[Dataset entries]
++++++

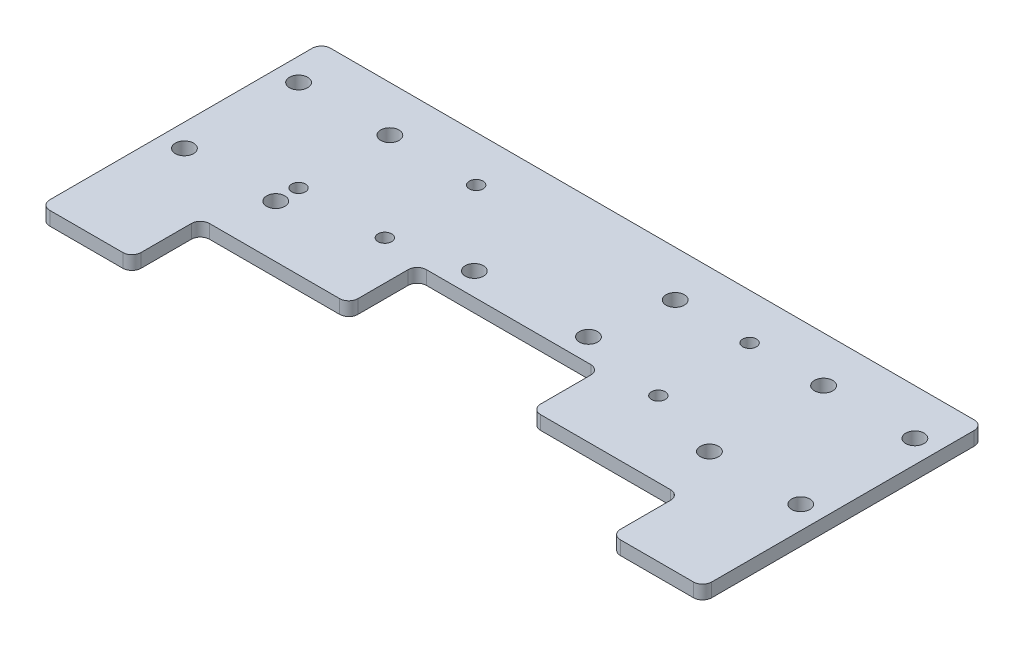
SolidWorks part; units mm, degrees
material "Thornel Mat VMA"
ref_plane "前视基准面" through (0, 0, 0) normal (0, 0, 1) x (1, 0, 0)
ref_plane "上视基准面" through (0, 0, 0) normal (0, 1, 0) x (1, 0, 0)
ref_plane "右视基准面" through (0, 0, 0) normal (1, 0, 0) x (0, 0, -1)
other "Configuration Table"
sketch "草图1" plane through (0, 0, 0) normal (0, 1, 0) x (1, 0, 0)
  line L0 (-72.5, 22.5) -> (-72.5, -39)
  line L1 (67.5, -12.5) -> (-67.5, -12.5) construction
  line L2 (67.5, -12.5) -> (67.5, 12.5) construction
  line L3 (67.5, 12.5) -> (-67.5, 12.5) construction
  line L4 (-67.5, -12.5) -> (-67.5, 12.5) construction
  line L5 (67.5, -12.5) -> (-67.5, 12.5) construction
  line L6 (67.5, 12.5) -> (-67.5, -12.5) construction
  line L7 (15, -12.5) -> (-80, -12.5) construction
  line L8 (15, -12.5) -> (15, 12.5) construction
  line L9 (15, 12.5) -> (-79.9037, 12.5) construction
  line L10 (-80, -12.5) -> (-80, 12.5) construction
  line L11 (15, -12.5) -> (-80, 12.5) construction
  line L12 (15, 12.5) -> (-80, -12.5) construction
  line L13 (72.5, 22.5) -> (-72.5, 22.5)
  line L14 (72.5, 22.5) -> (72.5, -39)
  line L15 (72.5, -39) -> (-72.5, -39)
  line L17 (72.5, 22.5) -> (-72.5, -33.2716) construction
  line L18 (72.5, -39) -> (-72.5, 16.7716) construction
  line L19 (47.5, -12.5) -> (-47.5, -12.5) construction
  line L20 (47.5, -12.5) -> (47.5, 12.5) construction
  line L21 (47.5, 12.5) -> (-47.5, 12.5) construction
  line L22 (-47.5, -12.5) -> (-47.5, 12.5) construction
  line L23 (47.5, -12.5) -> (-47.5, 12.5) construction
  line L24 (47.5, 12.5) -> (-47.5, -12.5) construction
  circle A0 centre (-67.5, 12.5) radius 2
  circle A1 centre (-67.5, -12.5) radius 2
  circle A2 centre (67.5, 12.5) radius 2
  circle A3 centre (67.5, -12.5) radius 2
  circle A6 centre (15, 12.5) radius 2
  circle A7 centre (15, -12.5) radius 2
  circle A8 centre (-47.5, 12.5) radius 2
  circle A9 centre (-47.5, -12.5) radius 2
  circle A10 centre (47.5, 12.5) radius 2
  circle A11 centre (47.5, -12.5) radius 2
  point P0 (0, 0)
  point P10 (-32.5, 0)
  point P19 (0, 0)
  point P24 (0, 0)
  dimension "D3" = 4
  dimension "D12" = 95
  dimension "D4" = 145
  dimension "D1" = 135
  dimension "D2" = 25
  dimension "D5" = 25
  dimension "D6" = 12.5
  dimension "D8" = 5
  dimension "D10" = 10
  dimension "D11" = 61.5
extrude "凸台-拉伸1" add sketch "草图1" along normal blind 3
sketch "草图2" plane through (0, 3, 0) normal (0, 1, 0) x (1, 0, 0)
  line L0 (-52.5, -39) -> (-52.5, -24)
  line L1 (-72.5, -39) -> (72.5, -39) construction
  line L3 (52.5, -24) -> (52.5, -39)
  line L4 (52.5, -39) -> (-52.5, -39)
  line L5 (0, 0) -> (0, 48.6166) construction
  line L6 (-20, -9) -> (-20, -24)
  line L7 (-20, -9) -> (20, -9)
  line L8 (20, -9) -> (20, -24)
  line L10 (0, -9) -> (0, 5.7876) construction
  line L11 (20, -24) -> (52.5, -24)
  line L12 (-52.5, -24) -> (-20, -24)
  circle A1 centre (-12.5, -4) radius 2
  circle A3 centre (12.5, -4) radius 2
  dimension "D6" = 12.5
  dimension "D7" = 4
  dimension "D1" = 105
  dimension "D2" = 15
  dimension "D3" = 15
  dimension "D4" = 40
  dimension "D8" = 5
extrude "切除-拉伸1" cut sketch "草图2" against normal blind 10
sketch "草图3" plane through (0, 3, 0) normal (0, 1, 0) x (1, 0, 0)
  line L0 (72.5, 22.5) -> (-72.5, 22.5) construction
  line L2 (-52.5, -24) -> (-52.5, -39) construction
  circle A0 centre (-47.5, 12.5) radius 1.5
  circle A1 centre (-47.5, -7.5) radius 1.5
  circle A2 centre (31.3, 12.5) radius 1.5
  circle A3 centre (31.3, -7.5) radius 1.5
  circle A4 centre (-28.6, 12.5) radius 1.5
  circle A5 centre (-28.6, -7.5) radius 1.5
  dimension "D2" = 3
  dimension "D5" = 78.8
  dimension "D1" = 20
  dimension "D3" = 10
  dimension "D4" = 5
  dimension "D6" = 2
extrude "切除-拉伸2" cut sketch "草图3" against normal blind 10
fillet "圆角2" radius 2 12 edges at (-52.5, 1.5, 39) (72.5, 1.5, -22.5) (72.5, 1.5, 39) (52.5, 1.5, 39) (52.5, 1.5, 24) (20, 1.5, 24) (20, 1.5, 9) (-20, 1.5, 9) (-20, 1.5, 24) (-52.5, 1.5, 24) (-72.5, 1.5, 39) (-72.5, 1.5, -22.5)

++++++

**EXERCISE OBJECTIVE:**
Every line above that holds the string "point" should be returned.

**SOLUTION TO THE PROBLEM:**
  point P0 (0, 0)
  point P10 (-32.5, 0)
  point P19 (0, 0)
  point P24 (0, 0)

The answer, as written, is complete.